TASK TO COMPLETE —
Reproduce, exactly, the lines of the material below from the line containing "circle A1 centre (0, 50) radius 4" through the line containing "constraints: 2 centre point, 1 coincident", with both end lines included and nothing else.

LISTED RECORDS —
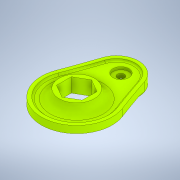
# Autodesk Inventor part: Follower
Saved by Autodesk Inventor 2021 (Build 250183000, 183)
## iProperties
Created: 2021-08-12
Part Number: Follower
Material: Generic
Document SubType Name: Modeling
Designer: Shammy Haider
Density: 1 g/cm^3
Appearance: Default
Author: Shammy Haider
Autodesk Inventor part; units mm, degrees
ref_plane "YZ Plane" through (0, 0, 0) normal (1, 0, 0) x (0, 1, 0)
ref_plane "XZ Plane" through (0, 0, 0) normal (0, 1, 0) x (-1, 0, 0)
ref_plane "XY Plane" through (0, 0, 0) normal (0, 0, 1) x (1, 0, 0)
sketch "Sketch1" plane through (0, 0, 0) normal (0, 1, 0) x (-1, 0, 0)
  circle A0 centre (0, 0) radius 40
  dimension "d0" = 80
  constraints: 1 centre point, 1 coincident
  measures "d0" diameter of A0
extrude "Extrusion1" add sketch "Sketch1" along normal mid plane 8
sketch "Sketch2" plane through (0, 4, 0) normal (0, 1, 0) x (1, 0, 0)
  circle A0 centre (0, 0) radius 40 projected
  circle A1 centre (0, 45) radius 25
  dimension "d3" = 50
  dimension "d4" = 45
  constraints: 1 centre point
  measures "d3" diameter of A1
  measures "d4" distance of A1.centre point (0, 0)
extrude "Extrusion2" add sketch "Sketch2" against normal blind 10 contours A1 A0 | A0 A1 picked at (-3.589, 33.1406) picked at (7.3164, 48.2743)
fillet "Fillet1" radius 1000 2 edges at (-22.1108, 0, -33.3333) (22.1108, 0, -33.3333)
fillet "Fillet2" radius 2 4 edges at (24.6822, -4, -48.9733) (-24.9136, -4, -42.9236) (0, -4, -20) (24.267, -4, -38.9905)
sketch "Sketch3" plane through (0, 4, 0) normal (0, 1, 0) x (1, 0, 0)
  arc A0 (-37.4315, 14.1026) -> (37.4315, 14.1026) centre (0, 0) ccw projected
  arc A1 (-37.4315, 14.1026) -> (-23.7371, 52.8455) centre (-973.2192, 366.6667) ccw projected
  arc A2 (23.7371, 52.8455) -> (-23.7371, 52.8455) centre (0, 45) ccw projected
  arc A3 (23.7371, 52.8455) -> (37.4315, 14.1026) centre (973.2192, 366.6667) ccw projected
  arc A4 (-33.6884, 12.6923) -> (33.6884, 12.6923) centre (0, 0) ccw
  arc A5 (-33.6884, 12.6923) -> (-19.9391, 51.5902) centre (-973.2192, 366.6667) ccw
  arc A6 (19.9391, 51.5902) -> (-19.9391, 51.5902) centre (0, 45) ccw
  arc A7 (19.9391, 51.5902) -> (33.6884, 12.6923) centre (973.2192, 366.6667) ccw
  dimension "d9" = 4
  constraints: 8 point on circle, 4 centre point, 3 other
  measures "d9" radial gap between concentric circles of A0 A4
extrude "Extrusion3" cut sketch "Sketch3" against normal blind 2 contours A5 A6 A7 A4
fillet "Fillet3" radius 2 4 edges at (0, 2, 36) (-26.6139, 2, -32.0706) (0, 2, -66) (26.6139, 2, -32.0706)
sketch "Sketch4" plane through (0, 2, 0) normal (0, 1, 0) x (1, 0, 0)
  line L0 (0, 16.7948) -> (14.5447, 8.3974)
  line L1 (14.5447, 8.3974) -> (14.5447, -8.3974)
  line L2 (14.5447, -8.3974) -> (0, -16.7948)
  line L3 (0, -16.7948) -> (-14.5447, -8.3974)
  line L4 (-14.5447, -8.3974) -> (-14.5447, 8.3974)
  line L5 (-14.5447, 8.3974) -> (0, 16.7948)
  point P0 (0, 0)
  point P1 (0, 0)
  constraints: 12 end point, 1 coincident, 13 other
extrude "Extrusion4" cut sketch "Sketch4" against normal through all
sketch "Sketch5" plane through (0, 2, 0) normal (0, 1, 0) x (1, 0, 0)
  circle A0 centre (0, 0) radius 20
  line L0 (0, -16.7948) -> (-14.5447, -8.3974) projected
  line L1 (-14.5447, -8.3974) -> (-14.5447, 8.3974) projected
  line L2 (-14.5447, 8.3974) -> (0, 16.7948) projected
  line L3 (0, 16.7948) -> (14.5447, 8.3974) projected
  line L4 (14.5447, 8.3974) -> (14.5447, -8.3974) projected
  line L5 (14.5447, -8.3974) -> (0, -16.7948) projected
  dimension "d17" = 40
  constraints: 1 centre point, 1 coincident
  measures "d17" diameter of A0
extrude "Extrusion5" add sketch "Sketch5" along normal blind 10
fillet "Fillet4" radius 10 1 edges at (-20, 2, 0)
sketch "Sketch6" plane through (0, 2, 0) normal (0, 1, 0) x (1, 0, 0)
  circle A0 centre (0, 50) radius 9
  circle A1 centre (0, 50) radius 4
  arc A2 (23.7371, 52.8455) -> (-23.7371, 52.8455) centre (0, 45) ccw projected
  point P0 (0, 0)
  dimension "d21" = 18
  dimension "d22" = 8
  dimension "d23" = 5
  constraints: 2 centre point, 1 coincident
  measures "d21" diameter of A0
  measures "d22" diameter of A1
  measures "d23" distance of A2.centre A0.centre
extrude "Extrusion6" cut sketch "Sketch6" against normal blind 3
extrude "Extrusion7" cut sketch "Sketch6" against normal through all contours A1
body "Solid1"

WRITTEN ANSWER —
  circle A1 centre (0, 50) radius 4
  arc A2 (23.7371, 52.8455) -> (-23.7371, 52.8455) centre (0, 45) ccw projected
  point P0 (0, 0)
  dimension "d21" = 18
  dimension "d22" = 8
  dimension "d23" = 5
  constraints: 2 centre point, 1 coincident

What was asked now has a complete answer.